My most recent tattoo:
I drew inspiration from Emerson’s opening line in his essay Self-Reliance. It literally translates: No you seek yourself outside. More poetically: ‘Do not seek yourself outside yourself’ or, ‘seek yourself within’.
Quaesīverīs is the second-person singular perfect active subjunctive of quaerō. Or quaesīveris, which is the second-person singular future perfect active indicative of quaerō. Quaerō means: I seek, look for; I ask, question, inquire; I strive for; endeavor; seek to obtain; I miss, lack; I desire, require.
Some interpretations: ‘Stretch your arm no farther than your sleeve will reach’, or ‘Cut your Coat according to your Cloth’

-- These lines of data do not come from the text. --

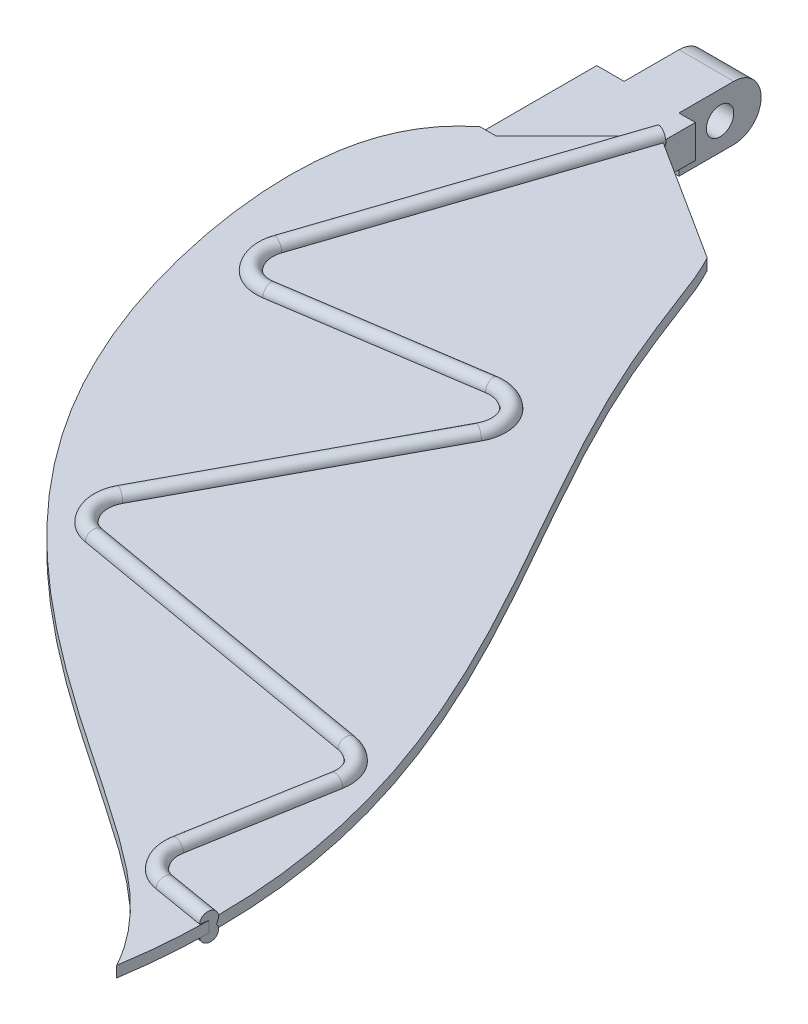
from build123d import *
from build123d.topology import SkipClean

# Parameters (mm, degrees)
SKETCH1_W           = 10
SKETCH1_H           = 15
BOSS_EXTRUDE1_DEPTH = 10
SKETCH2_R           = 2.5
CUT_EXTRUDE1_DEPTH  = 10
FILLET1_R           = 5
BOSS_EXTRUDE2_DEPTH = 6
CHAMFER1_SIZE       = 15
THICKEN2_START      = 9
THICKEN2_DEPTH      = 2
SWEEP1_PROFILE_R    = 1.5
SKETCH30_R          = 1
CUT_EXTRUDE2_DEPTH  = 6


# Read off the part's stored shape, not the designer's step: Thicken2
with BuildPart() as part:
    # Sketch1 → Boss-Extrude1 (new body)
    with BuildSketch(Plane(origin=(0, 0, 0), x_dir=(1, 0, 0), z_dir=(0, 1, 0))):
        Rectangle(SKETCH1_W, SKETCH1_H)
    extrude(amount=BOSS_EXTRUDE1_DEPTH)

    # Sketch2 → Cut-Extrude1 (cut)
    with BuildSketch(Plane(origin=(5, 0, 0), x_dir=(0, 0, -1), z_dir=(1, 0, 0))):
        with Locations((0, 5)):
            Circle(SKETCH2_R)
    extrude(amount=-CUT_EXTRUDE1_DEPTH, mode=Mode.SUBTRACT)

    # Fillet1
    fillet1_edges = [part.edges().sort_by_distance(p)[0] for p in [
        (0, 0, -7.5),
        (0, 10, -7.5),
    ]]
    fillet(fillet1_edges, radius=FILLET1_R - 0.0001)  # a hair under: the kernel refuses the full size

    # Sketch3 → Boss-Extrude2 (add)
    with BuildSketch(Plane(origin=(0, 10, 0), x_dir=(1, 0, 0), z_dir=(0, 1, 0))):
        Polygon((-5, -7.5), (-10, -7.5), (-10, -28.828934271), (7.994714039, -28.828934271), (7.994714039, -7.5), (5, -7.5), (0, -7.5), align=None)
    extrude(amount=-BOSS_EXTRUDE2_DEPTH)

    # Chamfer1
    chamfer1_edges = [part.edges().sort_by_distance(p)[0] for p in [
        (7.994714039, 7, 28.828934271),
    ]]
    chamfer(chamfer1_edges, length=CHAMFER1_SIZE)

    # Thicken2 outline → Thicken2 (add)
    with BuildSketch(Plane(origin=(0, 0, 0), x_dir=(1, 0, 0), z_dir=(0, 1, 0)).offset(THICKEN2_START)):
        with BuildLine():
            Line((-7.005285961, -28.828934271), (-10, -28.828934271))
            add(Edge.make_bspline(
                [(-10, -28.828934271), (-25.805548542, -41.548642671), (-25.805548542, -64.274187613), (-8.502642981, -101.403246954), (-13.322502729, -124.128791895), (10.043198408, -146.534258739), (71.49819318, -165.418866507), (71.49819318, -177.90191232), (81.740692308, -180.462537103), (89.422566655, -194.545973404)],
                knots=[0, 0, 0, 0, 0, 0, 0, 0, 0, 0, 1, 1, 1, 1, 1, 1, 1, 1, 1, 1], degree=9))
            add(Edge.make_bspline(
                [(89.422566655, -194.545973404), (100.945378174, -121.248089016), (40.770695794, -78.677702012), (40.770695794, -46.02973604), (31.488430959, -28.828934271)],
                knots=[0, 0, 0, 0, 0, 1, 1, 1, 1, 1], degree=4))
            Line((31.488430959, -28.828934271), (7.994714039, -13.828934271))
            Line((7.994714039, -13.828934271), (-7.005285961, -28.828934271))
        make_face()
    extrude(amount=THICKEN2_DEPTH)

    # Sweep1: sweep along a path in Sketch5
    with BuildLine(Plane.XZ.offset(-9)) as sweep1_path:
        Line((7.994714039, 13.828934271), (-9.559839963, 66.388364513))
        ThreePointArc((-9.559839963, 66.388364513), (-8.460678772, 72.151148401), (-2.971514318, 74.221633139))
        Line((-2.971514318, 74.221633139), (32.327359535, 68.882307682))
        ThreePointArc((32.327359535, 68.882307682), (38.128604445, 71.357676876), (38.510793347, 77.653375948))
        Line((38.510793347, 77.653375948), (15.633344245, 120.256788816))
        ThreePointArc((15.633344245, 120.256788816), (15.523828609, 125.719757641), (19.889062234, 129.006208229))
        Line((19.889062234, 129.006208229), (75.715709234, 138.737700667))
        ThreePointArc((75.715709234, 138.737700667), (79.593538333, 141.197528553), (80.596216607, 145.678928785))
        Line((80.596216607, 145.678928785), (76.278425981, 170.448795755))
        ThreePointArc((76.278425981, 170.448795755), (77.292173347, 174.94588542), (81.196785983, 177.396497454))
        Line((81.196785983, 177.396497454), (90.741777338, 178.997466082))
    # Sweep1 profile (on start of the path) → Sweep1 (sweep)
    with BuildSketch(Plane(origin=(7.994714039, 9, 13.828934271), x_dir=(0.9484950320892925, 0, 0.31679200447917233), z_dir=(-0.31679200447917233, 0, 0.9484950320892925))):
        Circle(SWEEP1_PROFILE_R)
    sweep1 = sweep(path=sweep1_path.line)

    # Mirror1: Sweep1 across plane
    with SkipClean():  # the faces are left unmerged after this step: merging them gives an invalid solid
        add(sweep1.mirror(Plane.ZX.offset(10)))

    # Sketch30 → Cut-Extrude2 (cut)
    with SkipClean():  # the faces are left unmerged after this step: merging them gives an invalid solid
        with BuildSketch(Plane.ZY.offset(10)):
            with Locations((25.5, 7)):
                Circle(SKETCH30_R)
        extrude(amount=-CUT_EXTRUDE2_DEPTH, mode=Mode.SUBTRACT)


solid = part.part
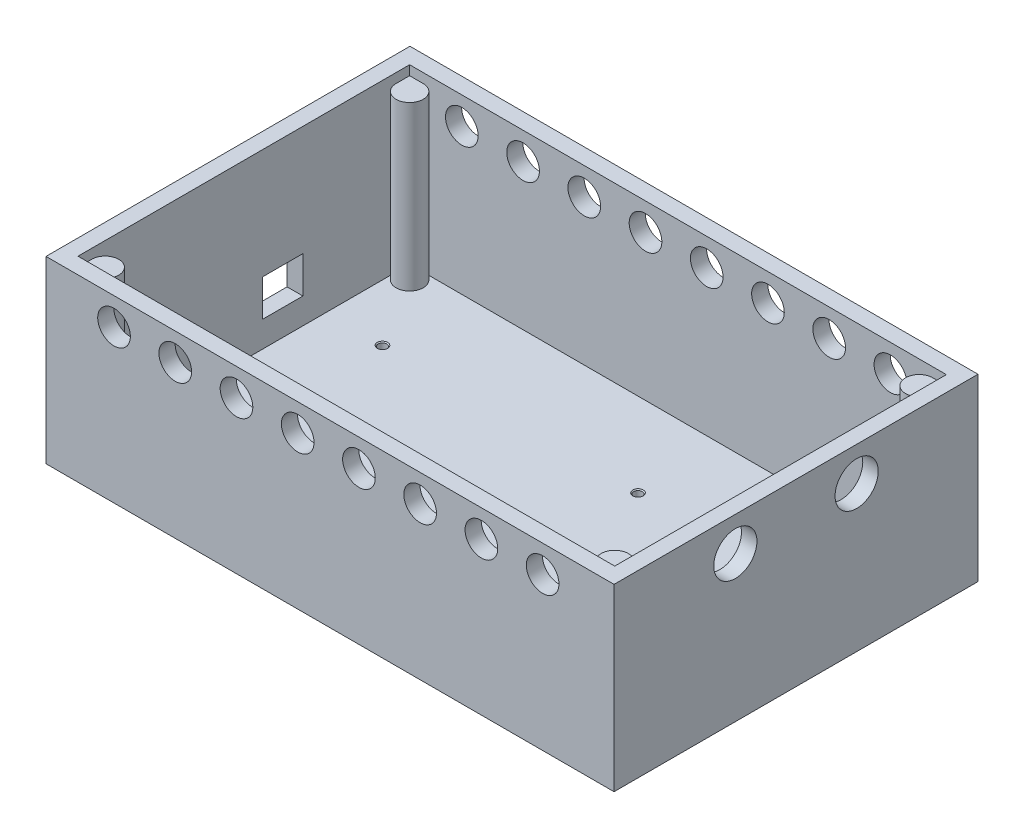
from build123d import *

# Parameters (mm, degrees)
SKETCH1_W                   = 167
SKETCH1_H                   = 107
BOSS_EXTRUDE1_DEPTH         = 52.8
SKETCH2_W                   = 157.8
SKETCH2_H                   = 97.5
CUT_EXTRUDE1_DEPTH          = 50.8
SKETCH3_R                   = 4.8
CUT_EXTRUDE2_DEPTH          = 154.262620335
LPATTERN1_COUNT             = 8
LPATTERN1_PITCH             = 18
CUT_EXTRUDE3_REACH          = 188.547
SKETCH4_R                   = 6.35
LPATTERN2_COUNT             = 2
LPATTERN2_PITCH             = 35.66
CUT_EXTRUDE4_REACH          = 188.547
SKETCH5_W                   = 11.94
SKETCH5_H                   = 10.8
BOSS_EXTRUDE5_DEPTH         = 48
M3_TAPPED_HOLE1_D           = 2.5
M3_TAPPED_HOLE1_CSINK_D     = 3.05
M3_TAPPED_HOLE1_CSINK_ANGLE = 90


with BuildPart() as part:
    # Sketch1 → Boss-Extrude1 (new body)
    with BuildSketch(Plane(origin=(0, 0, 0), x_dir=(1, 0, 0), z_dir=(0, 1, 0))):
        with Locations((-12.690388251, -10.711139896)):
            Rectangle(SKETCH1_W, SKETCH1_H)
    extrude(amount=BOSS_EXTRUDE1_DEPTH)

    # Sketch2 → Cut-Extrude1 (cut)
    with BuildSketch(Plane(origin=(0, 52.8, 0), x_dir=(1, 0, 0), z_dir=(0, 1, 0))):
        with Locations((-12.640388251, -10.711139896)):
            Rectangle(SKETCH2_W, SKETCH2_H)
    extrude(amount=-CUT_EXTRUDE1_DEPTH, mode=Mode.SUBTRACT)

    # Sketch3 → Cut-Extrude2 (cut, through all)
    with BuildSketch(Plane.XY.offset(64.211139896)):
        with Locations((-76.190388251, 44.8)):
            Circle(SKETCH3_R)
    cut_extrude2 = extrude(amount=-CUT_EXTRUDE2_DEPTH, mode=Mode.SUBTRACT)

    # LPattern1: Cut-Extrude2 ×8
    with Locations(*[(i * LPATTERN1_PITCH, 0, 0) for i in range(1, LPATTERN1_COUNT)]):
        add(cut_extrude2, mode=Mode.SUBTRACT)

    # Sketch4 → Cut-Extrude3 (cut, up to next)
    with BuildSketch(Plane(origin=(70.809611749, 0, 0), x_dir=(0, 0, -1), z_dir=(1, 0, 0)), mode=Mode.PRIVATE) as cut_extrude3_sk1:
        with Locations((-28.551139896, 42.8)):
            Circle(SKETCH4_R)
    cut_extrude3_tool1 = extrude(cut_extrude3_sk1.sketch, amount=-CUT_EXTRUDE3_REACH, mode=Mode.PRIVATE) & part.part
    cut_extrude3 = cut_extrude3_tool1.solids().sort_by_distance((70.809612, 42.8, 28.55114))[0]
    add(cut_extrude3, mode=Mode.SUBTRACT)

    # LPattern2: Cut-Extrude3 ×2
    with Locations(*[(0, 0, -i * LPATTERN2_PITCH) for i in range(1, LPATTERN2_COUNT)]):
        add(cut_extrude3, mode=Mode.SUBTRACT)

    # Sketch5 → Cut-Extrude4 (cut, up to next)
    with BuildSketch(Plane.ZY.offset(96.190388251), mode=Mode.PRIVATE) as cut_extrude4_sk1:
        with Locations((-0.698860104, 15)):
            Rectangle(SKETCH5_W, SKETCH5_H)
    cut_extrude4_tool1 = extrude(cut_extrude4_sk1.sketch, amount=-CUT_EXTRUDE4_REACH, mode=Mode.PRIVATE) & part.part
    add(cut_extrude4_tool1.solids().sort_by_distance((-96.190388, 15, -0.69886))[0], mode=Mode.SUBTRACT)

    # Sketch6 → Boss-Extrude5 (add)
    with BuildSketch(Plane(origin=(0, 2, 0), x_dir=(1, 0, 0), z_dir=(0, 1, 0))):
        with BuildLine():
            Line((66.259611749, 34.038860104), (66.259611749, 38.038860104))
            Line((66.259611749, 38.038860104), (62.259611749, 38.038860104))
            ThreePointArc((62.259611749, 38.038860104), (59.431184624, 31.210432979), (66.259611749, 34.038860104))
        make_face()
        with BuildLine():
            Line((66.259611749, -59.461139896), (62.259611749, -59.461139896))
            ThreePointArc((62.259611749, -59.461139896), (59.431184624, -52.632712772), (66.259611749, -55.461139896))
            Line((66.259611749, -55.461139896), (66.259611749, -59.461139896))
        make_face()
        with BuildLine():
            Line((-91.540388251, 38.038860104), (-87.540388251, 38.038860104))
            ThreePointArc((-87.540388251, 38.038860104), (-84.711961126, 31.210432979), (-91.540388251, 34.038860104))
            Line((-91.540388251, 34.038860104), (-91.540388251, 38.038860104))
        make_face()
        with BuildLine():
            Line((-91.540388251, -55.461139896), (-91.540388251, -59.461139896))
            Line((-91.540388251, -59.461139896), (-87.540388251, -59.461139896))
            ThreePointArc((-87.540388251, -59.461139896), (-84.711961126, -52.632712772), (-91.540388251, -55.461139896))
        make_face()
    extrude(amount=BOSS_EXTRUDE5_DEPTH)

    # M3 Tapped Hole1 (through all)
    with Locations(Plane(origin=(-49.02040068, 2, -140.944816831), x_dir=(1, 0, 0), z_dir=(0, 1, 0))):
        with Locations((56.769595429, -175.881156727), (25.768895429, -171.002663961), (-25.856604571, -175.881156727), (-25.856604571, -127.544956727), (49.276595429, -127.544956727)):
            CounterSinkHole(M3_TAPPED_HOLE1_D / 2, M3_TAPPED_HOLE1_CSINK_D / 2, counter_sink_angle=M3_TAPPED_HOLE1_CSINK_ANGLE)


solid = part.part
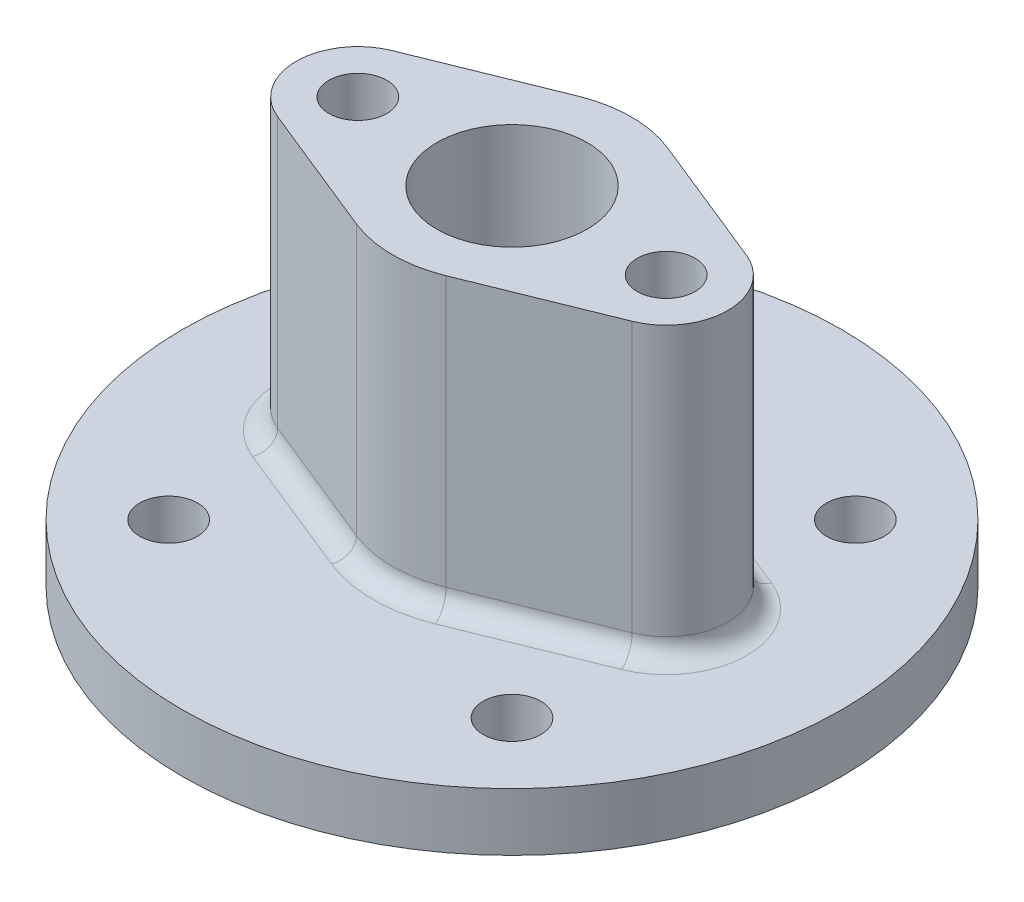
from build123d import *

# Parameters (mm, degrees)
SKETCH1_R                   = 7.5
SKETCH1_R_2                 = 19.5
SKETCH1_R_3                 = 10.5
BOSS_EXTRUDE1_DEPTH         = 75
SKETCH1_3_R                 = 85.5
SKETCH1_3_R_2               = 7.5
BOSS_EXTRUDE2_DEPTH         = 15
F_1_0MM_DOWEL_HOLE1_D       = 15
F_1_0MM_DOWEL_HOLE1_DEPTH   = 25.493545357
F_1_0MM_DOWEL_HOLE1_TIP     = 4.506454643
SKETCH4_R                   = 42
SKETCH5_R                   = 24
ADVANCEDHOLE1_START         = -57
ADVANCEDHOLE1_OUTLINE_R     = 10.5
ADVANCEDHOLE1_DEPTH         = 132
ADVANCEDHOLE1_START_2       = 45
ADVANCEDHOLE1_2_OUTLINE_R   = 19.5
ADVANCEDHOLE1_2_OUTLINE_R_2 = 10.5
ADVANCEDHOLE1_2_DEPTH       = 30
ADVANCEDHOLE1_START_3       = 9
ADVANCEDHOLE1_3_OUTLINE_R   = 19.5
ADVANCEDHOLE1_3_OUTLINE_R_2 = 10.5
ADVANCEDHOLE1_3_DEPTH       = 24
ADVANCEDHOLE1_4_OUTLINE_R   = 12
ADVANCEDHOLE1_4_OUTLINE_R_2 = 10.5
ADVANCEDHOLE1_4_DEPTH       = 66
FILLET1_R                   = 5


# Read off the part's stored shape, not the designer's step: AdvancedHole1
with BuildPart() as part:
    # Sketch1 → Boss-Extrude1 (new body)
    # profile 1 of 5: a face of its own
    with BuildSketch(Plane(origin=(0, 0, 0), x_dir=(1, 0, 0), z_dir=(0, 1, 0))):
        with BuildLine():
            Line((11.625, 28.737769137), (46, 14.832396974))
            ThreePointArc((46, 14.832396974), (56, 0), (46, -14.832396974))
            Line((46, -14.832396974), (11.625, -28.737769137))
            ThreePointArc((11.625, -28.737769137), (0, -31), (-11.625, -28.737769137))
            Line((-11.625, -28.737769137), (-46, -14.832396974))
            ThreePointArc((-46, -14.832396974), (-56, 0), (-46, 14.832396974))
            Line((-46, 14.832396974), (-11.625, 28.737769137))
            ThreePointArc((-11.625, 28.737769137), (0, 31), (11.625, 28.737769137))
        make_face()
        with Locations((-40, 0)):
            Circle(SKETCH1_R, mode=Mode.SUBTRACT)
        with Locations((40, 0)):
            Circle(SKETCH1_R, mode=Mode.SUBTRACT)
        Circle(SKETCH1_R_2, mode=Mode.SUBTRACT)
    # profile 2 of 5: a face of its own
    with BuildSketch(Plane(origin=(0, 0, 0), x_dir=(1, 0, 0), z_dir=(0, 1, 0))):
        Circle(SKETCH1_R_2)
        Circle(SKETCH1_R_3, mode=Mode.SUBTRACT)
    # profile 3 of 5: a face of its own
    with BuildSketch(Plane(origin=(0, 0, 0), x_dir=(1, 0, 0), z_dir=(0, 1, 0))):
        Circle(SKETCH1_R_3)
    # profile 4 of 5: a face of its own
    with BuildSketch(Plane(origin=(0, 0, 0), x_dir=(1, 0, 0), z_dir=(0, 1, 0))):
        with Locations((40, 0)):
            Circle(SKETCH1_R)
    # profile 5 of 5: a face of its own
    with BuildSketch(Plane(origin=(0, 0, 0), x_dir=(1, 0, 0), z_dir=(0, 1, 0))):
        with Locations((-40, 0)):
            Circle(SKETCH1_R)
    extrude(amount=BOSS_EXTRUDE1_DEPTH)

    # Sketch1<3> → Boss-Extrude2 (add)
    with BuildSketch(Plane(origin=(0, 0, 0), x_dir=(1, 0, 0), z_dir=(0, 1, 0))):
        with Locations(Location((0, 0, 0), (0, 0, 270))):
            Circle(SKETCH1_3_R)
        with Locations(Location((44.547727215, 44.547727215, 0), (0, 0, 270))):
            Circle(SKETCH1_3_R_2, mode=Mode.SUBTRACT)
        with Locations(Location((44.547727215, -44.547727215, 0), (0, 0, 270))):
            Circle(SKETCH1_3_R_2, mode=Mode.SUBTRACT)
        with Locations(Location((-44.547727215, -44.547727215, 0), (0, 0, 270))):
            Circle(SKETCH1_3_R_2, mode=Mode.SUBTRACT)
        with Locations(Location((-44.547727215, 44.547727215, 0), (0, 0, 270))):
            Circle(SKETCH1_3_R_2, mode=Mode.SUBTRACT)
    extrude(amount=-BOSS_EXTRUDE2_DEPTH)

    # Ø1.0mm Dowel Hole1
    with Locations(Plane(origin=(-40, 75, 0), x_dir=(0, 0, 1), z_dir=(0, 1, 0))):
        with Locations((0, 0), (0, 80)):
            Hole(F_1_0MM_DOWEL_HOLE1_D / 2, depth=F_1_0MM_DOWEL_HOLE1_DEPTH)
            with Locations((0, 0, -(F_1_0MM_DOWEL_HOLE1_DEPTH + F_1_0MM_DOWEL_HOLE1_TIP / 2))):  # 118° drill point
                Cone(0, F_1_0MM_DOWEL_HOLE1_D / 2, F_1_0MM_DOWEL_HOLE1_TIP, mode=Mode.SUBTRACT)

    # Sketch4 → Loft1 section 0
    with BuildSketch(Plane.XZ.offset(15)):
        Circle(SKETCH4_R)
    # Sketch5 → Loft1 section 1
    with BuildSketch(Plane(origin=(0, -57, 0), x_dir=(-1, 0, 0), z_dir=(0, -1, 0))):
        Circle(SKETCH5_R)
    loft()

    # AdvancedHole1 outline → AdvancedHole1 (cut)
    with BuildSketch(Plane(origin=(0, 0, 0), x_dir=(1, 0, 0), z_dir=(0, 1, 0)).offset(ADVANCEDHOLE1_START)):
        Circle(ADVANCEDHOLE1_OUTLINE_R)
    extrude(amount=ADVANCEDHOLE1_DEPTH, mode=Mode.SUBTRACT)

    # AdvancedHole1 2 outline → AdvancedHole1 2 (cut)
    with BuildSketch(Plane(origin=(0, 0, 0), x_dir=(1, 0, 0), z_dir=(0, 1, 0)).offset(ADVANCEDHOLE1_START_2)):
        Circle(ADVANCEDHOLE1_2_OUTLINE_R)
        Circle(ADVANCEDHOLE1_2_OUTLINE_R_2, mode=Mode.SUBTRACT)
    extrude(amount=ADVANCEDHOLE1_2_DEPTH, mode=Mode.SUBTRACT)

    # AdvancedHole1 3 outline → AdvancedHole1 3 (cut)
    with BuildSketch(Plane(origin=(0, 0, 0), x_dir=(1, 0, 0), z_dir=(0, 1, 0)).offset(ADVANCEDHOLE1_START_3)):
        Circle(ADVANCEDHOLE1_3_OUTLINE_R)
        Circle(ADVANCEDHOLE1_3_OUTLINE_R_2, mode=Mode.SUBTRACT)
    extrude(amount=ADVANCEDHOLE1_3_DEPTH, mode=Mode.SUBTRACT)

    # AdvancedHole1 4 outline → AdvancedHole1 4 (cut)
    with BuildSketch(Plane(origin=(0, 0, 0), x_dir=(1, 0, 0), z_dir=(0, 1, 0)).offset(ADVANCEDHOLE1_START)):
        Circle(ADVANCEDHOLE1_4_OUTLINE_R)
        Circle(ADVANCEDHOLE1_4_OUTLINE_R_2, mode=Mode.SUBTRACT)
    extrude(amount=ADVANCEDHOLE1_4_DEPTH, mode=Mode.SUBTRACT)

    # Fillet1
    fillet1_edges = [part.edges().sort_by_distance(p)[0] for p in [
        (28.8125, 0, 21.785083056),
        (0, 0, 31),
        (-28.8125, 0, 21.785083056),
        (-56, 0, 0),
        (-28.8125, 0, -21.785083056),
        (0, 0, -31),
        (28.8125, 0, -21.785083056),
        (56, 0, 0),
    ]]
    fillet(fillet1_edges, radius=FILLET1_R)


solid = part.part

Many think it was a misquote from the Satires of A. Persius Flaccus, who lived in the first century AD: “… nec te quaesiveris extra” which means: “Nor look for yourself (what you can find only in yourself) outside yourself.” “Be your own norm.” Others arrange it: “ne quaesiveris extra te,” or “nor ask any opinion but your own.” Pretor translated “nec te quaesiveris extra” from “do not try to correct the tongue of your delicate balance by applying it to a pair of ordinary scales.” That is, do not seek out the opinion of another beside yourself.
Essentially the message is, you find yourself by looking inwards, not by turning to the pedagogy and opinions of teachers and preachers and judgments of others.”